The plan for digital conversion has two components: the image-scanning and the OCR processing. To prepare for digitization, staff from the Preservation Department dismantle the volumes and discard the bindings. Then, trained hourly staff will image-scan the pages, using recommended practices for brittle books scanning. The images will be stored as TIFF files. Once they have been digitized, the volumes will be reprinted on acid-free paper, bound, recataloged, and returned to the stacks.
Following image-scanning, staff from our Library Electronic Text Resource Service (LETRS) will convert the TIFF files to text files using Fine Print 4.0 OCR software. The resulting text files will then be edited, SGML-encoded and proofread by graduate student consultants, trained in SGML and the TEI Guidelines.
Letopis' Zhurnal'nykh Statei will be a keyword searchable database delivered via the World Wide Web. Users will be able to locate information from the bibliographic entries and the indexes: they will be able to search for any word that appears in the entries, or search by author, title, journal title, subject and/or geographic region. All of this information will be encoded to allow for differentiation among the elements of the bibliographic entry.

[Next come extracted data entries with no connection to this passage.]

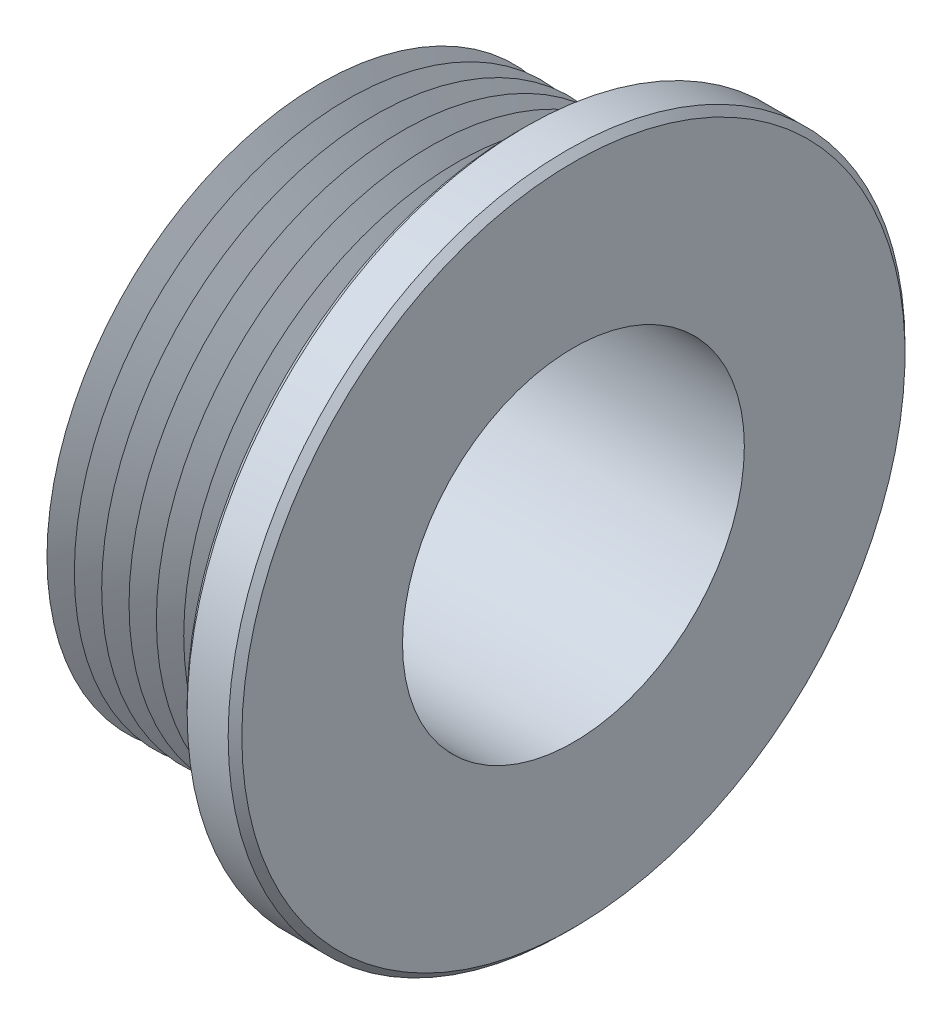
ISO-10303-21;
HEADER;
FILE_DESCRIPTION(('STEP AP214'),'2;1');
FILE_NAME('part.step','',(''),(''),'','','');
FILE_SCHEMA(('AUTOMOTIVE_DESIGN { 1 0 10303 214 1 1 1 1 }'));
ENDSEC;
DATA;
#1=APPLICATION_CONTEXT('core data for automotive mechanical design processes');
#2=APPLICATION_PROTOCOL_DEFINITION('international standard','automotive_design',2000,#1);
#3=PRODUCT_CONTEXT('',#1,'mechanical');
#4=PRODUCT('Part','Part','',(#3));
#5=PRODUCT_RELATED_PRODUCT_CATEGORY('part','',(#4));
#6=PRODUCT_DEFINITION_FORMATION('','',#4);
#7=PRODUCT_DEFINITION_CONTEXT('part definition',#1,'design');
#8=PRODUCT_DEFINITION('design','',#6,#7);
#9=PRODUCT_DEFINITION_SHAPE('','',#8);
#10=(LENGTH_UNIT() NAMED_UNIT(*) SI_UNIT(.MILLI.,.METRE.));
#11=(NAMED_UNIT(*) PLANE_ANGLE_UNIT() SI_UNIT($,.RADIAN.));
#12=(NAMED_UNIT(*) SI_UNIT($,.STERADIAN.) SOLID_ANGLE_UNIT());
#13=UNCERTAINTY_MEASURE_WITH_UNIT(LENGTH_MEASURE(1.E-05),#10,'distance_accuracy_value','');
#14=(GEOMETRIC_REPRESENTATION_CONTEXT(3) GLOBAL_UNCERTAINTY_ASSIGNED_CONTEXT((#13)) GLOBAL_UNIT_ASSIGNED_CONTEXT((#10,
#11,#12)) REPRESENTATION_CONTEXT('',''));
#15=CARTESIAN_POINT('',(0.,0.,0.));
#16=DIRECTION('',(0.,0.,1.));
#17=DIRECTION('',(1.,0.,0.));
#18=AXIS2_PLACEMENT_3D('',#15,#16,#17);
#19=CARTESIAN_POINT('',(-1.30000000001473,0.,0.));
#20=DIRECTION('',(1.,0.,0.));
#21=DIRECTION('',(0.,0.,-1.));
#22=AXIS2_PLACEMENT_3D('',#19,#20,#21);
#23=CONICAL_SURFACE('',#22,4.0000000000191,1.04718484909684);
#24=CARTESIAN_POINT('',(-1.50000000002137,0.,0.));
#25=DIRECTION('',(-1.,0.,0.));
#26=DIRECTION('',(0.,0.,1.));
#27=AXIS2_PLACEMENT_3D('',#24,#25,#26);
#28=CIRCLE('',#27,3.65360000006376);
#29=CARTESIAN_POINT('',(-1.50000000002137,0.,3.65360000006376));
#30=VERTEX_POINT('',#29);
#31=EDGE_CURVE('E29',#30,#30,#28,.T.);
#32=ORIENTED_EDGE('',*,*,#31,.F.);
#33=EDGE_LOOP('',(#32));
#34=FACE_BOUND('',#33,.T.);
#35=CARTESIAN_POINT('',(-1.29999999995789,0.,0.));
#36=DIRECTION('',(-1.,0.,0.));
#37=DIRECTION('',(0.,0.,1.));
#38=AXIS2_PLACEMENT_3D('',#35,#36,#37);
#39=CIRCLE('',#38,4.0000000000191);
#40=CARTESIAN_POINT('',(-1.29999999995789,0.,4.0000000000191));
#41=VERTEX_POINT('',#40);
#42=EDGE_CURVE('E75',#41,#41,#39,.F.);
#43=ORIENTED_EDGE('',*,*,#42,.F.);
#44=EDGE_LOOP('',(#43));
#45=FACE_BOUND('',#44,.T.);
#46=ADVANCED_FACE('F14',(#34,#45),#23,.T.);
#47=CARTESIAN_POINT('',(-1.69999999997117,0.,0.));
#48=DIRECTION('',(-1.,0.,0.));
#49=DIRECTION('',(0.,0.,1.));
#50=AXIS2_PLACEMENT_3D('',#47,#48,#49);
#51=CONICAL_SURFACE('',#50,4.0000000000191,1.04718484907779);
#52=ORIENTED_EDGE('',*,*,#31,.T.);
#53=EDGE_LOOP('',(#52));
#54=FACE_BOUND('',#53,.T.);
#55=CARTESIAN_POINT('',(-1.70000000002801,0.,0.));
#56=DIRECTION('',(1.,0.,0.));
#57=DIRECTION('',(0.,0.,1.));
#58=AXIS2_PLACEMENT_3D('',#55,#56,#57);
#59=CIRCLE('',#58,4.0000000000191);
#60=CARTESIAN_POINT('',(-1.70000000002801,0.,4.0000000000191));
#61=VERTEX_POINT('',#60);
#62=EDGE_CURVE('E73',#61,#61,#59,.F.);
#63=ORIENTED_EDGE('',*,*,#62,.F.);
#64=EDGE_LOOP('',(#63));
#65=FACE_BOUND('',#64,.T.);
#66=ADVANCED_FACE('F82',(#54,#65),#51,.T.);
#67=CARTESIAN_POINT('',(-1.29999999995789,0.,0.));
#68=DIRECTION('',(-1.,0.,0.));
#69=DIRECTION('',(0.,0.,1.));
#70=AXIS2_PLACEMENT_3D('',#67,#68,#69);
#71=CONICAL_SURFACE('',#70,4.0000000000191,1.04718484907779);
#72=ORIENTED_EDGE('',*,*,#42,.T.);
#73=EDGE_LOOP('',(#72));
#74=FACE_BOUND('',#73,.T.);
#75=CARTESIAN_POINT('',(-1.09999999995125,0.,0.));
#76=DIRECTION('',(1.,0.,0.));
#77=DIRECTION('',(0.,0.,1.));
#78=AXIS2_PLACEMENT_3D('',#75,#76,#77);
#79=CIRCLE('',#78,3.65360000006376);
#80=CARTESIAN_POINT('',(-1.09999999995125,0.,3.65360000006376));
#81=VERTEX_POINT('',#80);
#82=EDGE_CURVE('E70',#81,#81,#79,.T.);
#83=ORIENTED_EDGE('',*,*,#82,.F.);
#84=EDGE_LOOP('',(#83));
#85=FACE_BOUND('',#84,.T.);
#86=ADVANCED_FACE('F91',(#74,#85),#71,.T.);
#87=CARTESIAN_POINT('',(-1.70000000002801,0.,0.));
#88=DIRECTION('',(1.,0.,0.));
#89=DIRECTION('',(0.,1.,0.));
#90=AXIS2_PLACEMENT_3D('',#87,#88,#89);
#91=CONICAL_SURFACE('',#90,4.0000000000191,1.04718484909684);
#92=ORIENTED_EDGE('',*,*,#62,.T.);
#93=EDGE_LOOP('',(#92));
#94=FACE_BOUND('',#93,.T.);
#95=CARTESIAN_POINT('',(-1.90000000003465,0.,0.));
#96=DIRECTION('',(-1.,0.,0.));
#97=DIRECTION('',(0.,0.,1.));
#98=AXIS2_PLACEMENT_3D('',#95,#96,#97);
#99=CIRCLE('',#98,3.65360000006376);
#100=CARTESIAN_POINT('',(-1.90000000003465,0.,3.65360000006376));
#101=VERTEX_POINT('',#100);
#102=EDGE_CURVE('E67',#101,#101,#99,.T.);
#103=ORIENTED_EDGE('',*,*,#102,.F.);
#104=EDGE_LOOP('',(#103));
#105=FACE_BOUND('',#104,.T.);
#106=ADVANCED_FACE('F161',(#94,#105),#91,.T.);
#107=CARTESIAN_POINT('',(-0.900000000001455,0.,0.));
#108=DIRECTION('',(1.,0.,0.));
#109=DIRECTION('',(0.,0.,-1.));
#110=AXIS2_PLACEMENT_3D('',#107,#108,#109);
#111=CONICAL_SURFACE('',#110,4.0000000000191,1.04718484907779);
#112=ORIENTED_EDGE('',*,*,#82,.T.);
#113=EDGE_LOOP('',(#112));
#114=FACE_BOUND('',#113,.T.);
#115=CARTESIAN_POINT('',(-0.900000000001455,0.,0.));
#116=DIRECTION('',(-1.,0.,0.));
#117=DIRECTION('',(0.,0.,1.));
#118=AXIS2_PLACEMENT_3D('',#115,#116,#117);
#119=CIRCLE('',#118,4.0000000000191);
#120=CARTESIAN_POINT('',(-0.900000000001455,0.,4.0000000000191));
#121=VERTEX_POINT('',#120);
#122=EDGE_CURVE('E64',#121,#121,#119,.F.);
#123=ORIENTED_EDGE('',*,*,#122,.F.);
#124=EDGE_LOOP('',(#123));
#125=FACE_BOUND('',#124,.T.);
#126=ADVANCED_FACE('F157',(#114,#125),#111,.T.);
#127=CARTESIAN_POINT('',(-2.09999999998445,0.,0.));
#128=DIRECTION('',(-1.,0.,0.));
#129=DIRECTION('',(0.,0.,1.));
#130=AXIS2_PLACEMENT_3D('',#127,#128,#129);
#131=CONICAL_SURFACE('',#130,4.0000000000191,1.04718484907779);
#132=ORIENTED_EDGE('',*,*,#102,.T.);
#133=EDGE_LOOP('',(#132));
#134=FACE_BOUND('',#133,.T.);
#135=CARTESIAN_POINT('',(-2.10000000004129,0.,0.));
#136=DIRECTION('',(1.,0.,0.));
#137=DIRECTION('',(0.,0.,1.));
#138=AXIS2_PLACEMENT_3D('',#135,#136,#137);
#139=CIRCLE('',#138,4.0000000000191);
#140=CARTESIAN_POINT('',(-2.10000000004129,0.,4.0000000000191));
#141=VERTEX_POINT('',#140);
#142=EDGE_CURVE('E59',#141,#141,#139,.F.);
#143=ORIENTED_EDGE('',*,*,#142,.F.);
#144=EDGE_LOOP('',(#143));
#145=FACE_BOUND('',#144,.T.);
#146=ADVANCED_FACE('F153',(#134,#145),#131,.T.);
#147=CARTESIAN_POINT('',(-0.900000000001455,0.,0.));
#148=DIRECTION('',(-1.,0.,0.));
#149=DIRECTION('',(0.,0.,1.));
#150=AXIS2_PLACEMENT_3D('',#147,#148,#149);
#151=CONICAL_SURFACE('',#150,4.0000000000191,1.04718484907779);
#152=ORIENTED_EDGE('',*,*,#122,.T.);
#153=EDGE_LOOP('',(#152));
#154=FACE_BOUND('',#153,.T.);
#155=CARTESIAN_POINT('',(-0.700000000051659,0.,0.));
#156=DIRECTION('',(-1.,0.,0.));
#157=DIRECTION('',(0.,0.,1.));
#158=AXIS2_PLACEMENT_3D('',#155,#156,#157);
#159=CIRCLE('',#158,3.65360000006376);
#160=CARTESIAN_POINT('',(-0.700000000051659,0.,3.65360000006376));
#161=VERTEX_POINT('',#160);
#162=EDGE_CURVE('E17',#161,#161,#159,.T.);
#163=ORIENTED_EDGE('',*,*,#162,.T.);
#164=EDGE_LOOP('',(#163));
#165=FACE_BOUND('',#164,.T.);
#166=ADVANCED_FACE('F149',(#154,#165),#151,.T.);
#167=CARTESIAN_POINT('',(-2.10000000004129,0.,0.));
#168=DIRECTION('',(1.,0.,0.));
#169=DIRECTION('',(0.,0.,-1.));
#170=AXIS2_PLACEMENT_3D('',#167,#168,#169);
#171=CONICAL_SURFACE('',#170,4.0000000000191,1.04718484907779);
#172=ORIENTED_EDGE('',*,*,#142,.T.);
#173=EDGE_LOOP('',(#172));
#174=FACE_BOUND('',#173,.T.);
#175=CARTESIAN_POINT('',(-2.30000000004793,0.,0.));
#176=DIRECTION('',(-1.,0.,0.));
#177=DIRECTION('',(0.,0.,1.));
#178=AXIS2_PLACEMENT_3D('',#175,#176,#177);
#179=CIRCLE('',#178,3.65360000006376);
#180=CARTESIAN_POINT('',(-2.30000000004793,0.,3.65360000006376));
#181=VERTEX_POINT('',#180);
#182=EDGE_CURVE('E49',#181,#181,#179,.T.);
#183=ORIENTED_EDGE('',*,*,#182,.F.);
#184=EDGE_LOOP('',(#183));
#185=FACE_BOUND('',#184,.T.);
#186=ADVANCED_FACE('F145',(#174,#185),#171,.T.);
#187=CARTESIAN_POINT('',(-0.7,0.,0.));
#188=DIRECTION('',(-1.,0.,0.));
#189=DIRECTION('',(0.,0.,1.));
#190=AXIS2_PLACEMENT_3D('',#187,#188,#189);
#191=PLANE('',#190);
#192=CARTESIAN_POINT('',(-0.7,0.,0.));
#193=DIRECTION('',(-1.,0.,0.));
#194=DIRECTION('',(0.,0.,1.));
#195=AXIS2_PLACEMENT_3D('',#192,#193,#194);
#196=CIRCLE('',#195,3.5);
#197=CARTESIAN_POINT('',(-0.7,0.,3.5));
#198=VERTEX_POINT('',#197);
#199=EDGE_CURVE('E47',#198,#198,#196,.F.);
#200=ORIENTED_EDGE('',*,*,#199,.F.);
#201=EDGE_LOOP('',(#200));
#202=FACE_BOUND('',#201,.T.);
#203=ORIENTED_EDGE('',*,*,#162,.F.);
#204=EDGE_LOOP('',(#203));
#205=FACE_BOUND('',#204,.T.);
#206=ADVANCED_FACE('F142',(#202,#205),#191,.F.);
#207=CARTESIAN_POINT('',(-2.49999999999773,0.,0.));
#208=DIRECTION('',(-1.,0.,0.));
#209=DIRECTION('',(0.,0.,1.));
#210=AXIS2_PLACEMENT_3D('',#207,#208,#209);
#211=CONICAL_SURFACE('',#210,4.0000000000191,1.04718484907779);
#212=ORIENTED_EDGE('',*,*,#182,.T.);
#213=EDGE_LOOP('',(#212));
#214=FACE_BOUND('',#213,.T.);
#215=CARTESIAN_POINT('',(-2.49999999999773,0.,0.));
#216=DIRECTION('',(1.,0.,0.));
#217=DIRECTION('',(0.,0.,1.));
#218=AXIS2_PLACEMENT_3D('',#215,#216,#217);
#219=CIRCLE('',#218,4.0000000000191);
#220=CARTESIAN_POINT('',(-2.49999999999773,0.,4.0000000000191));
#221=VERTEX_POINT('',#220);
#222=EDGE_CURVE('E46',#221,#221,#219,.F.);
#223=ORIENTED_EDGE('',*,*,#222,.F.);
#224=EDGE_LOOP('',(#223));
#225=FACE_BOUND('',#224,.T.);
#226=ADVANCED_FACE('F138',(#214,#225),#211,.T.);
#227=CARTESIAN_POINT('',(-1.55,0.,0.));
#228=DIRECTION('',(-1.,0.,0.));
#229=DIRECTION('',(0.,0.,1.));
#230=AXIS2_PLACEMENT_3D('',#227,#228,#229);
#231=CYLINDRICAL_SURFACE('',#230,3.5);
#232=CARTESIAN_POINT('',(0.,0.,0.));
#233=DIRECTION('',(-1.,0.,0.));
#234=DIRECTION('',(0.,0.,1.));
#235=AXIS2_PLACEMENT_3D('',#232,#233,#234);
#236=CIRCLE('',#235,3.5);
#237=CARTESIAN_POINT('',(0.,0.,3.5));
#238=VERTEX_POINT('',#237);
#239=EDGE_CURVE('E44',#238,#238,#236,.F.);
#240=ORIENTED_EDGE('',*,*,#239,.F.);
#241=EDGE_LOOP('',(#240));
#242=FACE_BOUND('',#241,.T.);
#243=ORIENTED_EDGE('',*,*,#199,.T.);
#244=EDGE_LOOP('',(#243));
#245=FACE_BOUND('',#244,.T.);
#246=ADVANCED_FACE('F134',(#242,#245),#231,.T.);
#247=CARTESIAN_POINT('',(-2.49999999999773,0.,0.));
#248=DIRECTION('',(1.,0.,0.));
#249=DIRECTION('',(0.,0.,-1.));
#250=AXIS2_PLACEMENT_3D('',#247,#248,#249);
#251=CONICAL_SURFACE('',#250,4.0000000000191,1.04718484907779);
#252=ORIENTED_EDGE('',*,*,#222,.T.);
#253=EDGE_LOOP('',(#252));
#254=FACE_BOUND('',#253,.T.);
#255=CARTESIAN_POINT('',(-2.70000000000437,0.,0.));
#256=DIRECTION('',(-1.,0.,0.));
#257=DIRECTION('',(0.,0.,1.));
#258=AXIS2_PLACEMENT_3D('',#255,#256,#257);
#259=CIRCLE('',#258,3.65360000006376);
#260=CARTESIAN_POINT('',(-2.70000000000437,0.,3.65360000006376));
#261=VERTEX_POINT('',#260);
#262=EDGE_CURVE('E43',#261,#261,#259,.T.);
#263=ORIENTED_EDGE('',*,*,#262,.F.);
#264=EDGE_LOOP('',(#263));
#265=FACE_BOUND('',#264,.T.);
#266=ADVANCED_FACE('F130',(#254,#265),#251,.T.);
#267=CARTESIAN_POINT('',(0.,0.,4.225));
#268=DIRECTION('',(-1.,0.,0.));
#269=DIRECTION('',(0.,0.,1.));
#270=AXIS2_PLACEMENT_3D('',#267,#268,#269);
#271=PLANE('',#270);
#272=ORIENTED_EDGE('',*,*,#239,.T.);
#273=EDGE_LOOP('',(#272));
#274=FACE_BOUND('',#273,.T.);
#275=CARTESIAN_POINT('',(-5.6843418860808E-11,0.,0.));
#276=DIRECTION('',(1.,0.,0.));
#277=DIRECTION('',(0.,0.,-1.));
#278=AXIS2_PLACEMENT_3D('',#275,#276,#277);
#279=CIRCLE('',#278,4.84999999997626);
#280=CARTESIAN_POINT('',(-5.6843418860808E-11,0.,-4.84999999997626));
#281=VERTEX_POINT('',#280);
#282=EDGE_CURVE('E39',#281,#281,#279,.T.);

Access to networked information resources is supported at Indiana University by the data center services of University Information Technology Services (UITS). The UITS data center operates 24 hours a day, seven days a week to provide students, faculty, staff, and the international scholarly community with continuous access to university information resources. Through a regular program of upgrade and replacement, UITS maintains currency in hardware, software, and storage media. Information resources of long-term or permanent value are kept current as part of this upgrade and replacement cycle. UITS and the Indiana University Archives have participated in the research program of the National Historic Publications and Records Commission, studying means and methods of preserving digital content. To date, and in practice, our most reliable means of preservation has been a combination of routine content copying (to preserve against media decay), and periodic content conversion, as part of the equipment or application upgrade cycle (to preserve against hardware or software obsolescence). These practices, and the institution's commitment to maintaining the scholarly record, help assure preservation and continued access to networked information resources.
Scholars and researchers have long realized that periodicals, whether published by academies and research institutions or by chroniclers of the popular culture, provide a source of information unavailable elsewhere. For scholars of Russian culture and history, there exists only one meaningful index to this vast trove of information: Letopis Zhurnal'nykh Statei. This work is both grand and ungainly. Covering more than 1,700 journals, series and continuing publications, it provides in one serial publication information in the humanities, sciences, and social sciences. However, it is also difficult, if not impossible, to use. Insufficient availability, lack of subject indexes, and brittle pages conspire to prevent researchers from using this definitive reference tool. The best method to overcome these hindrances-and to serve students and scholars around the world-is to digitize Letopis', increase its value by allowing researchers to search it using keywords, and make it available via
the World Wide Web.
No institution is better suited to perform this undertaking than Indiana University. Our exceptional programs in international studies and languages, our proven ability to create and administer digital initiatives, and our expertise in supporting Slavic research collections enable us to provide a highly desirable new research tool to scholars throughout the world.